I tend to be very optimistic and have a hard time finding areas that being optimistic can be a negative thing. (Wow that was the dumbest sentence ever) But over the years I have realized that it can be a bad thing.  I can look at a bad situation and find something that is good about it.  But i don’t think that always finding the good is necessarily a positive thing.  When someone is hurting and I am optimistic I have to realize that my optimism can have the tendency to minimize what the other person is feeling.  There are times when sorrow is necessary and people need to go through that.  I have to realize that blind optimism can in fact hurt as much as it helps. 

I think that the key then is knowing the areas that you are likely to fail in.  Introspection is something that most people do not spend much time doing.  I know that there are attributes of personality that we are born with and we will probably always have.  But I still don’t think that is an excuse for crappy behaviour.  In the end we all must be aware of what we do and say and be open to God transforming us, instead of leaning on our personalities and continuing in crappy behaviour.  What do you think?

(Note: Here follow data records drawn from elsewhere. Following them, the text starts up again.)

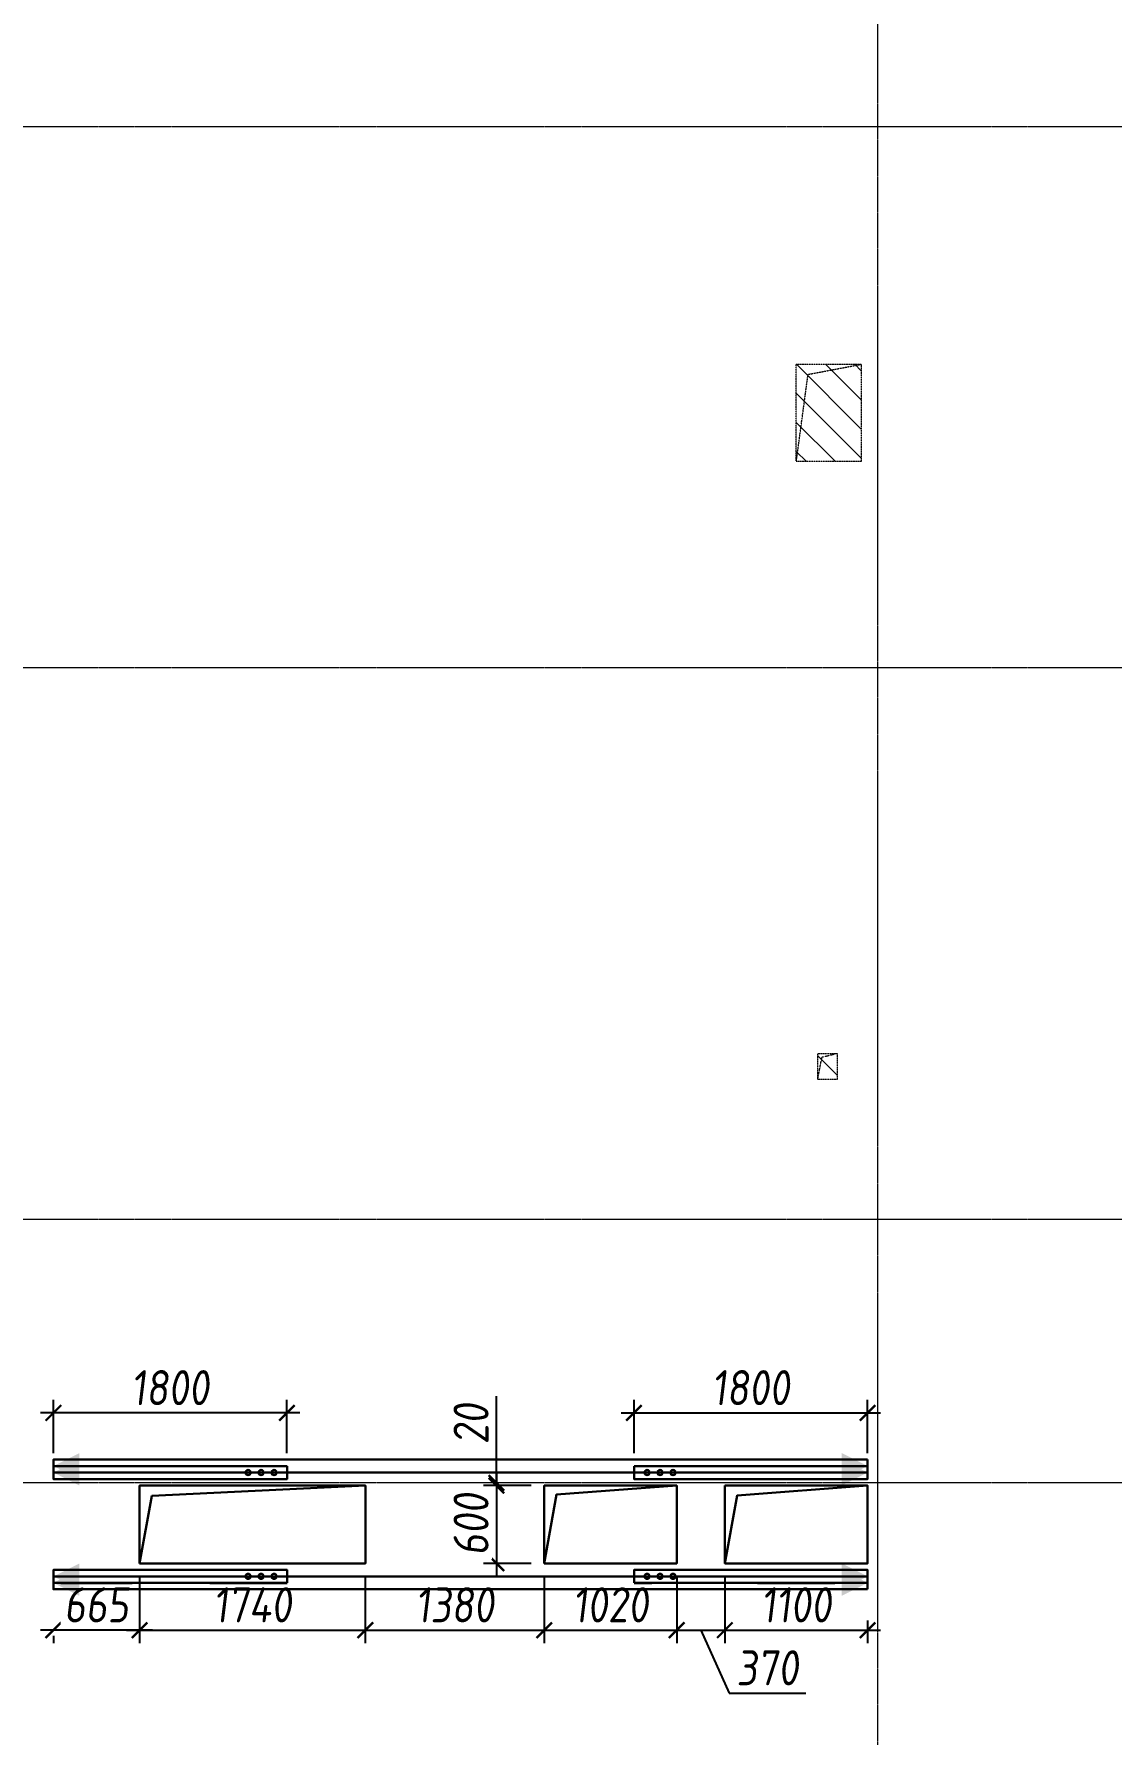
# Model space of a CAD drawing. Header units: millimetres. Extents: x -233751 to 529254, y -907864 to 285890.
# Drawn here: x 64472 to 72773, y 62781 to 75881 of the extents above; entities that cross this region are included whole.
import ezdxf

# ---------------------------------------------------------------- set-up
doc = ezdxf.new("R2010")
doc.units = ezdxf.units.MM
doc.linetypes.add('ADSK_Штриховая_ш2 п1', pattern=[3, 2, -1])
doc.linetypes.add('осевая', pattern=[2, 1.25, -0.25, 0.25, -0.25])
doc.layers.get('0').update_dxf_attribs({"lineweight": 30})
doc.layers.get('Defpoints').update_dxf_attribs({"lineweight": 0})
for name, color, linetype, lineweight in [('КР_Металл', 3, 'Continuous', 30), ('КР_Новые отверстия', 5, 'Continuous', 30), ('КР_Оси', 7, 'Continuous', 5), ('КР_Размеры отверстия', 7, 'Continuous', 5), ('КР_Размеры усиление', 1, 'Continuous', 5), ('КР_Сущ отверстия', 6, 'Continuous', 15)]:
    doc.layers.add(name, color=color, linetype=linetype, lineweight=lineweight)
doc.styles.add('ISOCPEUR', font='isocpeur.ttf', dxfattribs={"width": 0.85, "oblique": 7})
doc.dimstyles.new('R_100', dxfattribs={"dimtxt": 270, "dimasz": 120, "dimexe": 100, "dimexo": 100, "dimgap": 60, "dimtad": 1, "dimdec": 0, "dimrnd": 5, "dimzin": 0, "dimdsep": 46, "dimtxsty": 'ISOCPEUR', "dimblk": 'ARCHTICK', "dimcen": 0, "dimdle": 100, "dimclrd": 256, "dimclre": 256, "dimclrt": 256, "dimadec": 0, "dimazin": 0, "dimtfac": 2, "dimtdec": 0, "dimtmove": 0, "dimatfit": 3, "dimfxl": 1, "dimtvp": 3, "dimtfill": 1, "dimtolj": 1, "dimtzin": 0, "dimarcsym": 0})

# ---------------------------------------------------------------- blocks, each defined once
blk = doc.blocks.new('*U2033')
at = {"color": 0, "linetype": 'ByBlock', "lineweight": -2, "ltscale": 10}
blk.add_line((0, 0), (-74924, 0), dxfattribs=at)
blk = doc.blocks.new('*U2034')
at = {"color": 0, "linetype": 'ByBlock', "lineweight": -2, "ltscale": 10}
blk.add_line((0, 0), (-74924, 0), dxfattribs=at)
blk = doc.blocks.new('*U2035')
at = {"color": 0, "linetype": 'ByBlock', "lineweight": -2, "ltscale": 10}
blk.add_line((0, 0), (-74924, 0), dxfattribs=at)
blk = doc.blocks.new('*U2036')
at = {"color": 0, "linetype": 'ByBlock', "lineweight": -2, "ltscale": 10}
blk.add_line((0, 0), (-74924, 0), dxfattribs=at)
blk = doc.blocks.new('*U2045')
at = {"color": 0, "linetype": 'ByBlock', "lineweight": -2, "ltscale": 10}
blk.add_line((0, 0), (0, -34307), dxfattribs=at)
blk = doc.blocks.new('_ArchTick')
at = {"color": 0, "linetype": 'ByBlock', "const_width": 0.15}
blk.add_lwpolyline([(-0.5, -0.5), (0.5, 0.5)], dxfattribs=at)
blk = doc.blocks.new('*D941')
at = {"layer": 'Defpoints', "color": 0, "transparency": 16777216}
for p in [(65286, 64096), (67026, 64096), (67026, 63581)]:
    blk.add_point(p, dxfattribs=at)
at = {"layer": 'КР_Размеры отверстия', "lineweight": -2, "transparency": 16777216}
for p, q in [((65286, 63996), (65286, 63481)), ((67026, 63996), (67026, 63481)), ((65186, 63581), (67126, 63581))]:
    blk.add_line(p, q, dxfattribs=at)
at = {"layer": 'КР_Размеры отверстия', "lineweight": -2, "transparency": 16777216, "xscale": 120, "yscale": 120, "zscale": 120, "rotation": 180}
blk.add_blockref('_ArchTick', (65286, 63581), dxfattribs=at)
at = {"layer": 'КР_Размеры отверстия', "lineweight": -2, "transparency": 16777216, "xscale": 120, "yscale": 120, "zscale": 120}
blk.add_blockref('_ArchTick', (67026, 63581), dxfattribs=at)
at = {"layer": 'КР_Размеры отверстия', "transparency": 16777216, "insert": (66156, 63776), "char_height": 270, "attachment_point": 5, "style": 'ISOCPEUR', "bg_fill": 3, "box_fill_scale": 1.1, "bg_fill_color": 256, "bg_fill_true_color": 13158600, "bg_fill_transparency": 0}
blk.add_mtext('\\A1;1740', dxfattribs=at)
blk = doc.blocks.new('*D942')
at = {"layer": 'Defpoints', "color": 0, "transparency": 16777216}
for p in [(67026, 64096), (68405, 64096), (68405, 63581)]:
    blk.add_point(p, dxfattribs=at)
at = {"layer": 'КР_Размеры отверстия', "lineweight": -2, "transparency": 16777216}
for p, q in [((67026, 63996), (67026, 63481)), ((68405, 63996), (68405, 63481)), ((66926, 63581), (68505, 63581))]:
    blk.add_line(p, q, dxfattribs=at)
at = {"layer": 'КР_Размеры отверстия', "lineweight": -2, "transparency": 16777216, "xscale": 120, "yscale": 120, "zscale": 120, "rotation": 180}
blk.add_blockref('_ArchTick', (67026, 63581), dxfattribs=at)
at = {"layer": 'КР_Размеры отверстия', "lineweight": -2, "transparency": 16777216, "xscale": 120, "yscale": 120, "zscale": 120}
blk.add_blockref('_ArchTick', (68405, 63581), dxfattribs=at)
at = {"layer": 'КР_Размеры отверстия', "transparency": 16777216, "insert": (67716, 63776), "char_height": 270, "attachment_point": 5, "style": 'ISOCPEUR', "bg_fill": 3, "box_fill_scale": 1.1, "bg_fill_color": 256, "bg_fill_true_color": 13158600, "bg_fill_transparency": 0}
blk.add_mtext('\\A1;1380', dxfattribs=at)
blk = doc.blocks.new('*D943')
at = {"layer": 'Defpoints', "color": 0, "transparency": 16777216}
for p in [(68405, 64096), (69426, 64096), (69426, 63581)]:
    blk.add_point(p, dxfattribs=at)
at = {"layer": 'КР_Размеры отверстия', "lineweight": -2, "transparency": 16777216}
for p, q in [((68405, 63996), (68405, 63481)), ((69426, 63996), (69426, 63481)), ((68305, 63581), (69526, 63581))]:
    blk.add_line(p, q, dxfattribs=at)
at = {"layer": 'КР_Размеры отверстия', "lineweight": -2, "transparency": 16777216, "xscale": 120, "yscale": 120, "zscale": 120, "rotation": 180}
blk.add_blockref('_ArchTick', (68405, 63581), dxfattribs=at)
at = {"layer": 'КР_Размеры отверстия', "lineweight": -2, "transparency": 16777216, "xscale": 120, "yscale": 120, "zscale": 120}
blk.add_blockref('_ArchTick', (69426, 63581), dxfattribs=at)
at = {"layer": 'КР_Размеры отверстия', "transparency": 16777216, "insert": (68916, 63776), "char_height": 270, "attachment_point": 5, "style": 'ISOCPEUR', "bg_fill": 3, "box_fill_scale": 1.1, "bg_fill_color": 256, "bg_fill_true_color": 13158600, "bg_fill_transparency": 0}
blk.add_mtext('\\A1;1020', dxfattribs=at)
blk = doc.blocks.new('*D944')
at = {"layer": 'Defpoints', "color": 0, "transparency": 16777216}
for p in [(69426, 64096), (69797, 64096), (69797, 63581)]:
    blk.add_point(p, dxfattribs=at)
at = {"layer": 'КР_Размеры отверстия', "lineweight": -2, "transparency": 16777216}
for p, q in [((69426, 63996), (69426, 63481)), ((69797, 63996), (69797, 63481)), ((69326, 63581), (69897, 63581)), ((69612, 63581), (69831, 63096)), ((69831, 63096), (70421, 63096))]:
    blk.add_line(p, q, dxfattribs=at)
at = {"layer": 'КР_Размеры отверстия', "lineweight": -2, "transparency": 16777216, "xscale": 120, "yscale": 120, "zscale": 120, "rotation": 180}
blk.add_blockref('_ArchTick', (69426, 63581), dxfattribs=at)
at = {"layer": 'КР_Размеры отверстия', "transparency": 16777216, "insert": (70126, 63291), "char_height": 270, "attachment_point": 5, "style": 'ISOCPEUR', "bg_fill": 3, "box_fill_scale": 1.1, "bg_fill_color": 256, "bg_fill_true_color": 13158600, "bg_fill_transparency": 0}
blk.add_mtext('\\A1;370', dxfattribs=at)
at = {"layer": 'КР_Размеры отверстия', "lineweight": -2, "transparency": 16777216, "xscale": 120, "yscale": 120, "zscale": 120}
blk.add_blockref('_ArchTick', (69797, 63581), dxfattribs=at)
blk = doc.blocks.new('*D945')
at = {"layer": 'Defpoints', "color": 0, "transparency": 16777216}
for p in [(69797, 64096), (70897, 63756), (70897, 63581)]:
    blk.add_point(p, dxfattribs=at)
at = {"layer": 'КР_Размеры отверстия', "lineweight": -2, "transparency": 16777216}
for p, q in [((69797, 63996), (69797, 63481)), ((69697, 63581), (70997, 63581)), ((70897, 63656), (70897, 63481))]:
    blk.add_line(p, q, dxfattribs=at)
at = {"layer": 'КР_Размеры отверстия', "lineweight": -2, "transparency": 16777216, "xscale": 120, "yscale": 120, "zscale": 120, "rotation": 180}
blk.add_blockref('_ArchTick', (69797, 63581), dxfattribs=at)
at = {"layer": 'КР_Размеры отверстия', "lineweight": -2, "transparency": 16777216, "xscale": 120, "yscale": 120, "zscale": 120}
blk.add_blockref('_ArchTick', (70897, 63581), dxfattribs=at)
at = {"layer": 'КР_Размеры отверстия', "transparency": 16777216, "insert": (70347, 63776), "char_height": 270, "attachment_point": 5, "style": 'ISOCPEUR', "bg_fill": 3, "box_fill_scale": 1.1, "bg_fill_color": 256, "bg_fill_true_color": 13158600, "bg_fill_transparency": 0}
blk.add_mtext('\\A1;1100', dxfattribs=at)
blk = doc.blocks.new('*D960')
at = {"layer": 'Defpoints', "color": 0, "transparency": 16777216}
for p in [(68405, 64695), (68405, 64096)]:
    blk.add_point(p, dxfattribs=at)
at = {"layer": 'КР_Размеры отверстия', "lineweight": -2, "transparency": 16777216}
for p, q in [((68036, 64795), (68036, 63996)), ((68305, 64695), (67936, 64695)), ((68305, 64096), (67936, 64096))]:
    blk.add_line(p, q, dxfattribs=at)
at = {"layer": 'КР_Размеры отверстия', "lineweight": -2, "transparency": 16777216, "xscale": 120, "yscale": 120, "zscale": 120}
for p, rotation in [((68036, 64695), 90), ((68036, 64096), 270)]:
    blk.add_blockref('_ArchTick', p, dxfattribs=dict(at, rotation=rotation))
at = {"layer": 'КР_Размеры отверстия', "transparency": 16777216, "insert": (67841, 64395), "char_height": 270, "attachment_point": 5, "rotation": 90, "style": 'ISOCPEUR', "bg_fill": 3, "box_fill_scale": 1.1, "bg_fill_color": 256, "bg_fill_true_color": 13158600, "bg_fill_transparency": 0}
blk.add_mtext('\\A1;600', dxfattribs=at)
at = {"layer": 'Defpoints', "color": 0, "transparency": 16777216}
blk.add_point((68036, 64096), dxfattribs=at)
blk = doc.blocks.new('*D961')
at = {"layer": 'Defpoints', "color": 0, "transparency": 16777216}
blk.add_point((65286, 64096), dxfattribs=at)
at = {"layer": 'КР_Размеры отверстия', "lineweight": -2, "transparency": 16777216}
for p, q in [((65286, 63996), (65286, 63481)), ((65386, 63581), (64522, 63581)), ((64622, 63537), (64622, 63481))]:
    blk.add_line(p, q, dxfattribs=at)
at = {"layer": 'КР_Размеры отверстия', "lineweight": -2, "transparency": 16777216, "xscale": 120, "yscale": 120, "zscale": 120, "rotation": 180}
blk.add_blockref('_ArchTick', (64622, 63581), dxfattribs=at)
at = {"layer": 'КР_Размеры отверстия', "lineweight": -2, "transparency": 16777216, "xscale": 120, "yscale": 120, "zscale": 120}
blk.add_blockref('_ArchTick', (65286, 63581), dxfattribs=at)
at = {"layer": 'КР_Размеры отверстия', "transparency": 16777216, "insert": (64954, 63776), "char_height": 270, "attachment_point": 5, "style": 'ISOCPEUR', "bg_fill": 3, "box_fill_scale": 1.1, "bg_fill_color": 256, "bg_fill_true_color": 13158600, "bg_fill_transparency": 0}
blk.add_mtext('\\A1;665', dxfattribs=at)
at = {"layer": 'Defpoints', "color": 0, "transparency": 16777216}
for p in [(64622, 63637), (64622, 63581)]:
    blk.add_point(p, dxfattribs=at)
blk = doc.blocks.new('*D962')
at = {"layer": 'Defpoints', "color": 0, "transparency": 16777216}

I have climbed the mountain of pessimism and I think that I have reached the pinnacle.  I have finally decided what annoys me more than anything in the whole world is…the self described sarcastic person.  But first a few caveats.  I am not opposed to sarcasm as it can be a useful  tool of communication.  I will admit that sarcasm at times is needed and should be utilized in certain instances.  I don’t mind self deprecating sarcasm for the most part.  What annoys me though is when people use “I am just a really sarcastic person” as an excuse to be a jerk.   

First off I want to state that I am not talking about any one person in particular, in fact, I may even be talking about myself.   After saying something that is rude the “sarcastic person”, in lieu of apologizing, will often just explain that he or she is in fact a sarcastic person and therefore you should not be offended.  The funny thing is that after the person explains to you that he or she is a “sarcastic person” you are expected just to put up with his or her pejorative comments.  At first I thought that the “sarcastic person” was very similar to the “no offense but [insert rude comment] person”.  I have come to realize that the “no offense but person” is much better than the “sarcastic person” because the “no offense but person” at least warns you before he or she is going to be crappy, the “sarcastic person” just lets it fly whenever.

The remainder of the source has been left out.